Уроки немецкого и французского языков.

По-немецки меня выучила говорить Мария Христиановна Сакерсдорф, или Марсяна. Она была бонной в семье Машковцевых, и её дочь Мария Карловна, ставшая потом крёстной матерью моего брата Мити, росла вместе с моей мамой, тогда совсем маленькой.

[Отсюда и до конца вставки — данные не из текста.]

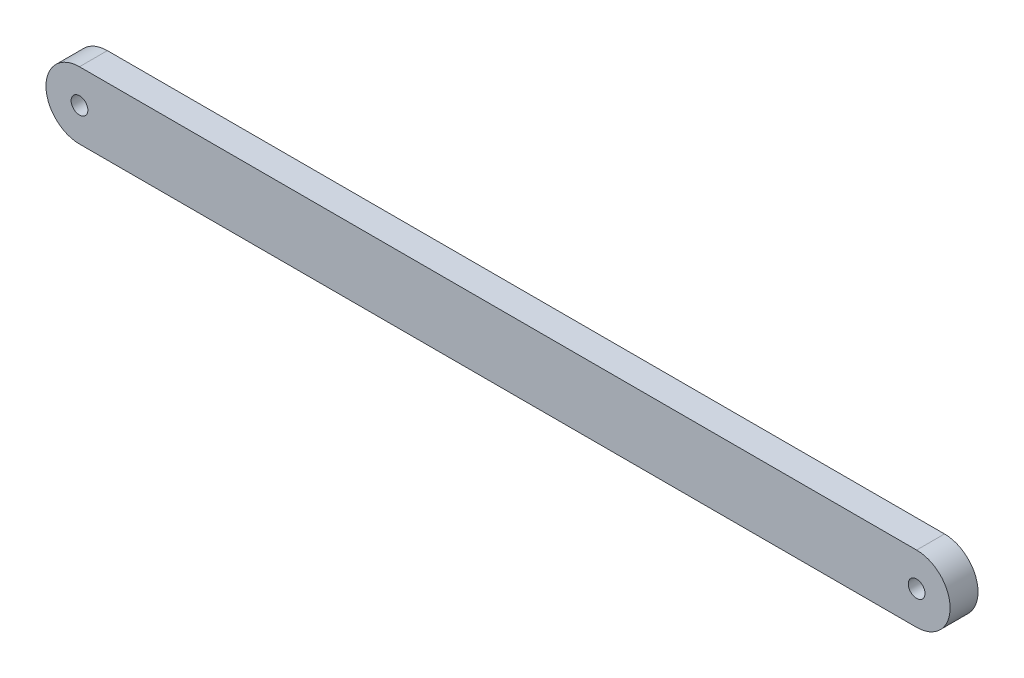
SolidWorks part; units mm, degrees
ref_plane "Plan de face" through (0, 0, 0) normal (0, 0, 1) x (1, 0, 0)
ref_plane "Plan de dessus" through (0, 0, 0) normal (0, 1, 0) x (1, 0, 0)
ref_plane "Plan de droite" through (0, 0, 0) normal (1, 0, 0) x (0, 0, -1)
sketch "Esquisse1" plane through (0, 0, 0) normal (0, 0, 1) x (1, 0, 0)
  line L0 (-75, 0) -> (75, 0) construction
  line L1 (-75, 6) -> (75, 6)
  line L2 (-75, -6) -> (75, -6)
  arc A0 (-75, 6) -> (-75, -6) centre (-75, 0) ccw
  arc A1 (75, -6) -> (75, 6) centre (75, 0) ccw
  circle A2 centre (-75, 0) radius 1.5
  circle A3 centre (75, 0) radius 1.5
  point P2 (0, 0)
  dimension "D1" = 6
  dimension "D3" = 3
  dimension "D4" = 3
  dimension "D2" = 150
extrude "Boss.-Extru.1" add sketch "Esquisse1" along normal blind 5

Летом Марсяна и Мария Карловна обычно жили у нас в Дубне. Марсяна брала меня после утреннего чая, и мы отправлялись за пруд, где стояла уютная скамеечка, – там и проходили наши уроки. Сначала я заучивал слова. Подбор слов был такой: огород и овощи, плодовый сад и фрукты, части человеческого тела и домашняя обстановка, и так далее; потом вместе с Марсяной я пел немецкие песенки, содержание которых иногда преподавало, так сказать, и житейскую мудрость. Это не было изобретением Марсяны – у неё имелся старинный учебник, откуда она и заимствовала всю систему.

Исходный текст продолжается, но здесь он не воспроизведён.